Explosive technology: from the history of the discovery of nanodiamonds
To date, several methods of synthesis of nanodiamonds are known. For example, the simplest and most obvious is to get from natural diamonds. However, the detonation method is most widely used, so sometimes nanodiamonds are called detonation diamonds. The principle is simple – if TNT or rdx is blown up in a special chamber, then a large amount of carbon is formed in the gas during the explosion and diamond particles can be found in the soot. Of course, it's not that simple and one explosion is not enough.
It is believed that the discoverers of this method were Soviet scientists. Moreover, this story is unique, since the synthesis of nanodiamonds was discovered three times in the USSR. In the 1960s and 1980s, a kind of "diamond club" of research institutes was formed in the country. One of the main participants was the All-Union Scientific Research Institute of Technical Physics (VNIITF), where nuclear munitions were developed. It was here in July 1963 that the detonation synthesis of nanodiamonds was first performed.
Nanodiamonds. Photo: D. Mukherjee / wikimedia.org
Back in the early 1960s, scientists came to the conclusion that if you raise the temperature and pressure, you can get a diamond from graphite, or from soot. Recall that graphite, which is familiar to everyone from pencil leads, is the same carbon, only in a slightly different form. Of course, heating the pencil lead alone does not turn it into a precious stone – the substance is important and strongly compressed.
VNIITF specialists were primarily engaged in the development of weapons. In particular, experiments were conducted with explosions of TNT and rdx in a closed volume, that is, in a metal ball or cylinder. It turned out that if the exploding object is cooled very quickly, and then the resulting soot is treated with nitric acid, which gradually dissolves graphite-like carbon, then diamond grains of several nanometers in size will remain.

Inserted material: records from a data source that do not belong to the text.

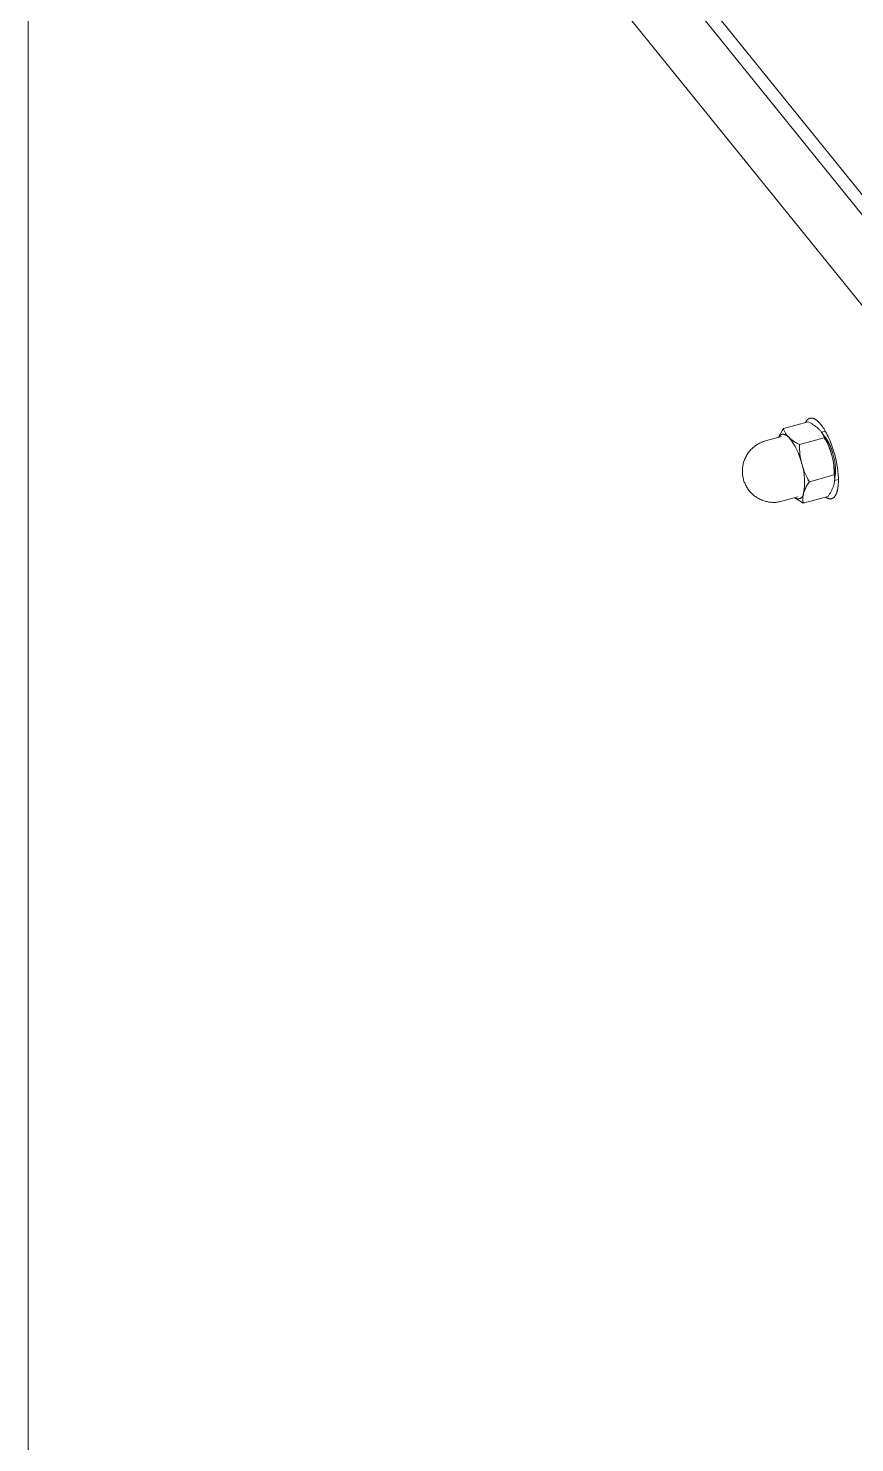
# Model space of a CAD drawing. Header units: millimetres. Extents: x -427 to 4679, y -324 to 2971.
# Drawn here: x 2586.4 to 2685.6, y 1272.9 to 1442.7 of the extents above; entities that cross this region are included whole.
import ezdxf

# ---------------------------------------------------------------- set-up
doc = ezdxf.new("R2010")
doc.units = ezdxf.units.MM
doc.layers.add('ZANO_R', color=7, linetype='Continuous', lineweight=0)

msp = doc.modelspace()

# ---------------------------------------------------------------- linework, layer by layer
at = {"layer": 'ZANO_R'}
for p, q in [((2782.47, 1303.84), (2595.61, 1535.2)), ((2597.87, 1530.04), (2779.6, 1305.04)), ((2772.34, 1303.09), (2590.62, 1528.09)), ((2586.39, 1525.16), (2586.39, 1203.46)), ((2679.99, 1395.83), (2680.01, 1395.84)), ((2680.01, 1395.84), (2680.02, 1395.85)), ((2680.02, 1395.85), (2680.03, 1395.86)), ((2680.03, 1395.86), (2680.04, 1395.87)), ((2680.04, 1395.87), (2680.06, 1395.87)), ((2680.06, 1395.87), (2680.07, 1395.88)), ((2680.07, 1395.88), (2680.09, 1395.89)), ((2680.09, 1395.89), (2680.1, 1395.89)), ((2680.1, 1395.89), (2680.11, 1395.9)), ((2680.11, 1395.9), (2680.13, 1395.9)), ((2680.13, 1395.9), (2680.14, 1395.91)), ((2680.14, 1395.91), (2680.15, 1395.91)), ((2680.15, 1395.91), (2680.17, 1395.92)), ((2680.17, 1395.92), (2680.18, 1395.92)), ((2680.18, 1395.92), (2680.2, 1395.93)), ((2680.2, 1395.93), (2680.21, 1395.93)), ((2680.21, 1395.93), (2680.23, 1395.93)), ((2680.23, 1395.93), (2680.24, 1395.93)), ((2680.24, 1395.93), (2680.26, 1395.94)), ((2680.26, 1395.94), (2680.27, 1395.94)), ((2680.27, 1395.94), (2680.28, 1395.94)), ((2680.28, 1395.94), (2680.3, 1395.94)), ((2680.3, 1395.94), (2680.31, 1395.94)), ((2680.31, 1395.94), (2680.33, 1395.94)), ((2680.33, 1395.94), (2680.34, 1395.94)), ((2680.34, 1395.94), (2680.36, 1395.94)), ((2680.36, 1395.94), (2680.38, 1395.94)), ((2680.38, 1395.94), (2680.39, 1395.94)), ((2680.39, 1395.94), (2680.41, 1395.94)), ((2680.41, 1395.94), (2680.42, 1395.94)), ((2680.42, 1395.94), (2680.44, 1395.94)), ((2680.44, 1395.94), (2680.45, 1395.93)), ((2680.45, 1395.93), (2680.47, 1395.93)), ((2680.47, 1395.93), (2680.48, 1395.93)), ((2680.48, 1395.93), (2680.5, 1395.92)), ((2680.5, 1395.92), (2680.52, 1395.92)), ((2680.52, 1395.92), (2680.53, 1395.92)), ((2680.53, 1395.92), (2680.55, 1395.91)), ((2680.55, 1395.91), (2680.56, 1395.91)), ((2680.56, 1395.91), (2680.58, 1395.9)), ((2680.58, 1395.9), (2680.59, 1395.9)), ((2680.59, 1395.9), (2680.61, 1395.89)), ((2680.61, 1395.89), (2680.64, 1395.88)), ((2680.64, 1395.88), (2680.67, 1395.87)), ((2680.67, 1395.87), (2680.71, 1395.85)), ((2680.71, 1395.85), (2680.74, 1395.84)), ((2676.88, 1394.49), (2676.4, 1393.61)), ((2676.99, 1394.67), (2676.88, 1394.49)), ((2679.97, 1395.47), (2676.99, 1394.67)), ((2677.02, 1394.59), (2676.99, 1394.67)), ((2677.05, 1394.51), (2677.02, 1394.59)), ((2677.08, 1394.43), (2677.05, 1394.51)), ((2677.11, 1394.36), (2677.08, 1394.43)), ((2677.15, 1394.28), (2677.11, 1394.36)), ((2677.19, 1394.21), (2677.15, 1394.28)), ((2677.23, 1394.14), (2677.19, 1394.21)), ((2677.27, 1394.07), (2677.23, 1394.14)), ((2679.64, 1395.38), (2679.66, 1395.42)), ((2679.66, 1395.42), (2679.68, 1395.46)), ((2679.68, 1395.46), (2679.7, 1395.49)), ((2679.7, 1395.49), (2679.72, 1395.53)), ((2679.72, 1395.53), (2679.74, 1395.56)), ((2679.74, 1395.56), (2679.76, 1395.59)), ((2679.76, 1395.59), (2679.78, 1395.62)), ((2679.78, 1395.62), (2679.8, 1395.65)), ((2679.8, 1395.65), (2679.82, 1395.68)), ((2679.82, 1395.68), (2679.83, 1395.69)), ((2679.83, 1395.69), (2679.85, 1395.7)), ((2679.85, 1395.7), (2679.86, 1395.72)), ((2679.86, 1395.72), (2679.87, 1395.73)), ((2679.87, 1395.73), (2679.88, 1395.74)), ((2679.88, 1395.74), (2679.89, 1395.75)), ((2679.89, 1395.75), (2679.91, 1395.76)), ((2679.91, 1395.76), (2679.92, 1395.77)), ((2679.92, 1395.77), (2679.93, 1395.79)), ((2679.93, 1395.79), (2679.94, 1395.8)), ((2679.94, 1395.8), (2679.95, 1395.81)), ((2679.95, 1395.81), (2679.97, 1395.82)), ((2679.97, 1395.82), (2679.98, 1395.82)), ((2679.97, 1395.47), (2680.12, 1395.39)), ((2679.98, 1395.82), (2679.99, 1395.83)), ((2680.12, 1395.39), (2680.28, 1395.31)), ((2680.28, 1395.31), (2680.43, 1395.23)), ((2680.43, 1395.23), (2680.57, 1395.13)), ((2680.57, 1395.13), (2680.72, 1395.04)), ((2680.72, 1395.04), (2680.86, 1394.94)), ((2680.74, 1395.84), (2680.77, 1395.82)), ((2680.77, 1395.82), (2680.8, 1395.8)), ((2680.8, 1395.8), (2680.84, 1395.78)), ((2680.84, 1395.78), (2680.87, 1395.76)), ((2680.86, 1394.94), (2681, 1394.83)), ((2680.87, 1395.76), (2680.9, 1395.74)), ((2680.9, 1395.74), (2680.94, 1395.71)), ((2680.94, 1395.71), (2680.97, 1395.69)), ((2680.97, 1395.69), (2681, 1395.66)), ((2681, 1395.66), (2681.03, 1395.64)), ((2681, 1394.83), (2681.13, 1394.72)), ((2681.03, 1395.64), (2681.07, 1395.61)), ((2681.07, 1395.61), (2681.1, 1395.58)), ((2681.1, 1395.58), (2681.16, 1395.52)), ((2681.13, 1394.72), (2681.26, 1394.61)), ((2681.16, 1395.52), (2681.23, 1395.46)), ((2681.23, 1395.46), (2681.29, 1395.39)), ((2681.26, 1394.61), (2681.32, 1394.55)), ((2681.29, 1395.39), (2681.36, 1395.32)), ((2681.32, 1394.55), (2681.37, 1394.49)), ((2681.36, 1395.32), (2681.42, 1395.25)), ((2681.37, 1394.49), (2681.43, 1394.43)), ((2681.42, 1395.25), (2681.48, 1395.18)), ((2681.43, 1394.43), (2681.48, 1394.36)), ((2681.48, 1395.18), (2681.58, 1395.06)), ((2681.48, 1394.36), (2681.53, 1394.3)), ((2681.53, 1394.3), (2681.58, 1394.23)), ((2681.58, 1395.06), (2681.67, 1394.92)), ((2681.58, 1394.23), (2682.03, 1394.35)), ((2681.73, 1394), (2681.58, 1394.23)), ((2681.58, 1394.23), (2681.62, 1394.16)), ((2681.62, 1394.16), (2681.67, 1394.09)), ((2681.67, 1394.92), (2681.77, 1394.78)), ((2681.77, 1394.78), (2681.87, 1394.63)), ((2681.87, 1394.63), (2681.96, 1394.47)), ((2681.96, 1394.47), (2682.06, 1394.3)), ((2682.06, 1394.3), (2682.16, 1394.12)), ((2673.38, 1392.42), (2673.48, 1392.5)), ((2673.48, 1392.5), (2673.58, 1392.58)), ((2673.58, 1392.58), (2673.69, 1392.65)), ((2673.69, 1392.65), (2673.79, 1392.73)), ((2673.79, 1392.73), (2673.9, 1392.79)), ((2673.9, 1392.79), (2674.01, 1392.86)), ((2674.01, 1392.86), (2674.13, 1392.92)), ((2674.13, 1392.92), (2674.24, 1392.97)), ((2674.24, 1392.97), (2674.36, 1393.02)), ((2674.36, 1393.02), (2674.48, 1393.07)), ((2674.48, 1393.07), (2674.6, 1393.11)), ((2674.6, 1393.11), (2674.72, 1393.15)), ((2674.72, 1393.15), (2674.84, 1393.19)), ((2674.84, 1393.19), (2676.77, 1393.71)), ((2676.43, 1393.64), (2676.42, 1393.61)), ((2676.44, 1393.66), (2676.43, 1393.64)), ((2676.46, 1393.68), (2676.44, 1393.66)), ((2676.47, 1393.7), (2676.46, 1393.68)), ((2676.52, 1393.87), (2676.47, 1393.76)), ((2676.48, 1393.72), (2676.47, 1393.7)), ((2676.5, 1393.74), (2676.48, 1393.72)), ((2676.51, 1393.76), (2676.5, 1393.74)), ((2676.52, 1393.78), (2676.51, 1393.76)), ((2676.57, 1393.97), (2676.52, 1393.87)), ((2676.54, 1393.8), (2676.52, 1393.78)), ((2676.55, 1393.81), (2676.54, 1393.8)), ((2676.57, 1393.83), (2676.55, 1393.81)), ((2676.58, 1393.84), (2676.57, 1393.83)), ((2676.6, 1393.86), (2676.58, 1393.84)), ((2676.62, 1393.87), (2676.6, 1393.86)), ((2676.63, 1393.89), (2676.62, 1393.87)), ((2676.64, 1393.89), (2676.63, 1393.89)), ((2676.65, 1393.9), (2676.64, 1393.89)), ((2676.66, 1393.9), (2676.65, 1393.9)), ((2676.67, 1393.91), (2676.66, 1393.9)), ((2676.68, 1393.92), (2676.67, 1393.92)), ((2676.67, 1393.92), (2676.67, 1393.91)), ((2676.69, 1393.93), (2676.68, 1393.92)), ((2676.7, 1393.93), (2676.69, 1393.93)), ((2676.71, 1393.94), (2676.7, 1393.93)), ((2676.72, 1393.94), (2676.71, 1393.94)), ((2676.73, 1393.95), (2676.72, 1393.94)), ((2676.74, 1393.95), (2676.73, 1393.95)), ((2676.73, 1393.95), (2676.73, 1393.95)), ((2676.75, 1393.96), (2676.74, 1393.95)), ((2676.76, 1393.96), (2676.75, 1393.96)), ((2676.77, 1393.97), (2676.76, 1393.96)), ((2676.78, 1393.97), (2676.77, 1393.97)), ((2676.79, 1393.97), (2676.78, 1393.97)), ((2676.8, 1393.97), (2676.79, 1393.97)), ((2676.81, 1393.98), (2676.8, 1393.97)), ((2676.82, 1393.98), (2676.81, 1393.98)), ((2676.83, 1393.98), (2676.82, 1393.98)), ((2676.84, 1393.99), (2676.83, 1393.98)), ((2676.85, 1393.99), (2676.84, 1393.99)), ((2676.86, 1393.99), (2676.85, 1393.99)), ((2676.87, 1393.99), (2676.86, 1393.99)), ((2676.86, 1393.99), (2676.86, 1393.99)), ((2676.88, 1393.99), (2676.87, 1393.99)), ((2676.89, 1393.99), (2676.88, 1393.99)), ((2676.9, 1394), (2676.89, 1393.99)), ((2676.91, 1394), (2676.9, 1394)), ((2676.92, 1394), (2676.91, 1394)), ((2676.93, 1394), (2676.92, 1394)), ((2676.94, 1394), (2676.93, 1394)), ((2676.95, 1394), (2676.94, 1394)), ((2676.96, 1394), (2676.95, 1394)), ((2676.97, 1394), (2676.96, 1394)), ((2676.98, 1394), (2676.97, 1394)), ((2676.99, 1393.99), (2676.98, 1394)), ((2677, 1393.99), (2676.99, 1393.99)), ((2677.01, 1393.99), (2677, 1393.99)), ((2677.02, 1393.99), (2677.01, 1393.99)), ((2677.05, 1393.99), (2677.02, 1393.99)), ((2677.07, 1393.98), (2677.05, 1393.99)), ((2677.09, 1393.98), (2677.07, 1393.98)), ((2677.11, 1393.97), (2677.09, 1393.98)), ((2677.13, 1393.97), (2677.11, 1393.97)), ((2677.15, 1393.96), (2677.13, 1393.97)), ((2677.17, 1393.95), (2677.15, 1393.96)), ((2677.19, 1393.94), (2677.17, 1393.95)), ((2677.22, 1393.93), (2677.19, 1393.94)), ((2677.24, 1393.92), (2677.22, 1393.93)), ((2677.26, 1393.91), (2677.24, 1393.92)), ((2677.28, 1393.9), (2677.26, 1393.91)), ((2677.32, 1394), (2677.27, 1394.07)), ((2677.3, 1393.89), (2677.28, 1393.9)), ((2677.32, 1393.88), (2677.3, 1393.89)), ((2677.37, 1393.93), (2677.32, 1394)), ((2677.35, 1393.86), (2677.32, 1393.88)), ((2677.37, 1393.85), (2677.35, 1393.86)), ((2677.42, 1393.87), (2677.37, 1393.93)), ((2677.39, 1393.83), (2677.37, 1393.85)), ((2677.41, 1393.82), (2677.39, 1393.83)), ((2677.44, 1393.8), (2677.41, 1393.82)), ((2677.47, 1393.8), (2677.42, 1393.87)), ((2677.46, 1393.79), (2677.44, 1393.8)), ((2677.5, 1393.75), (2677.46, 1393.79)), ((2677.53, 1393.74), (2677.47, 1393.8)), ((2677.55, 1393.71), (2677.5, 1393.75)), ((2677.58, 1393.68), (2677.53, 1393.74)), ((2677.59, 1393.67), (2677.55, 1393.71)), ((2677.63, 1393.63), (2677.59, 1393.67)), ((2677.76, 1393.52), (2677.63, 1393.63)), ((2677.85, 1393.37), (2677.69, 1393.58)), ((2677.9, 1393.41), (2677.76, 1393.52)), ((2678, 1393.16), (2677.85, 1393.37)), ((2678.03, 1393.3), (2677.9, 1393.41)), ((2678.14, 1392.95), (2678, 1393.16)), ((2678.18, 1393.2), (2678.03, 1393.3)), ((2678.28, 1392.73), (2678.14, 1392.95)), ((2678.32, 1393.1), (2678.18, 1393.2)), ((2678.41, 1392.51), (2678.28, 1392.73)), ((2678.47, 1393.01), (2678.32, 1393.1)), ((2678.53, 1392.28), (2678.41, 1392.51)), ((2678.62, 1392.92), (2678.47, 1393.01)), ((2678.77, 1392.84), (2678.62, 1392.92)), ((2678.93, 1392.77), (2678.77, 1392.84)), ((2678.93, 1392.77), (2681.9, 1393.57)), ((2678.93, 1392.47), (2678.93, 1392.77)), ((2678.94, 1392.18), (2678.93, 1392.47)), ((2681.67, 1394.09), (2681.71, 1394.02)), ((2681.71, 1394.02), (2681.75, 1393.95)), ((2681.88, 1393.76), (2681.73, 1394)), ((2681.75, 1393.95), (2681.78, 1393.88)), ((2681.78, 1393.88), (2681.82, 1393.8)), ((2681.82, 1393.8), (2681.85, 1393.72)), ((2681.87, 1393.81), (2681.84, 1393.84)), ((2681.85, 1393.72), (2681.88, 1393.65)), ((2681.89, 1393.79), (2681.87, 1393.81)), ((2682.02, 1393.52), (2681.88, 1393.76)), ((2681.88, 1393.65), (2681.9, 1393.57)), ((2681.94, 1393.73), (2681.89, 1393.79)), ((2681.9, 1393.57), (2682.05, 1393.32)), ((2682, 1393.66), (2681.94, 1393.73)), ((2682.06, 1393.59), (2682, 1393.66)), ((2682.15, 1393.27), (2682.02, 1393.52)), ((2682.05, 1393.32), (2682.19, 1393.06)), ((2682.11, 1393.51), (2682.06, 1393.59)), ((2682.17, 1393.42), (2682.11, 1393.51)), ((2682.27, 1393.02), (2682.15, 1393.27)), ((2682.16, 1394.12), (2682.26, 1393.93)), ((2682.23, 1393.32), (2682.17, 1393.42)), ((2682.19, 1393.06), (2682.31, 1392.79)), ((2682.29, 1393.22), (2682.23, 1393.32)), ((2682.26, 1393.93), (2682.36, 1393.73)), ((2682.38, 1392.76), (2682.27, 1393.02)), ((2682.35, 1393.12), (2682.29, 1393.22)), ((2682.31, 1392.79), (2682.43, 1392.53)), ((2682.41, 1393.01), (2682.35, 1393.12)), ((2682.36, 1393.73), (2682.45, 1393.52)), ((2682.48, 1392.5), (2682.38, 1392.76)), ((2682.47, 1392.89), (2682.41, 1393.01)), ((2682.43, 1392.53), (2682.54, 1392.26)), ((2682.45, 1393.52), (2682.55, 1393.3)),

Detonation synthesis of nanodiamonds turned out to be a very fast process compared to the long growing of crystals under pressure. But in the 1960s, there was no use for such small diamonds, the works were gradually closed. We returned to this topic only in the early 1980s. Then the synthesis of nanodiamonds was established in several scientific centers of the country at once, and ten years later pilot production began. The two enterprises produced approximately 50 kilograms of purified nanodiamonds per month.
Diamonds on "Plastic"
The Plastics plant from the city of Kopeysk, Chelyabinsk region specializes in the production of ammunition for naval guns, tank and artillery guns and some types of aircraft shells. At the same time, for many years, the company has been developing a direction for the disposal of ammunition – their number reached 100 thousand units per year. The projectile is disassembled, explosives and gunpowder are sent to the manufacture of industrial explosives, there is also scrap steel, non-ferrous metals such as copper and lead and their alloys.
The company's specialists have mastered the use of explosives from old ammunition and for the detonation synthesis of nanodiamonds. The plant has three blast chambers made of high-strength steel. The nanodiamond charge is obtained here by blasting in ice shells – the charge is immersed in an ice shell, and then placed in the cavity of the blast chamber. After the explosion, a charge is obtained – a wet mass, seemingly ordinary dirt, which is then separated and drained. The yield of the final product – nanodiamond – from such a charge is 8-10% of the mass of the exploded charge. Thus, precious nanodiamonds are born out of practically nothing – recyclable materials to be destroyed.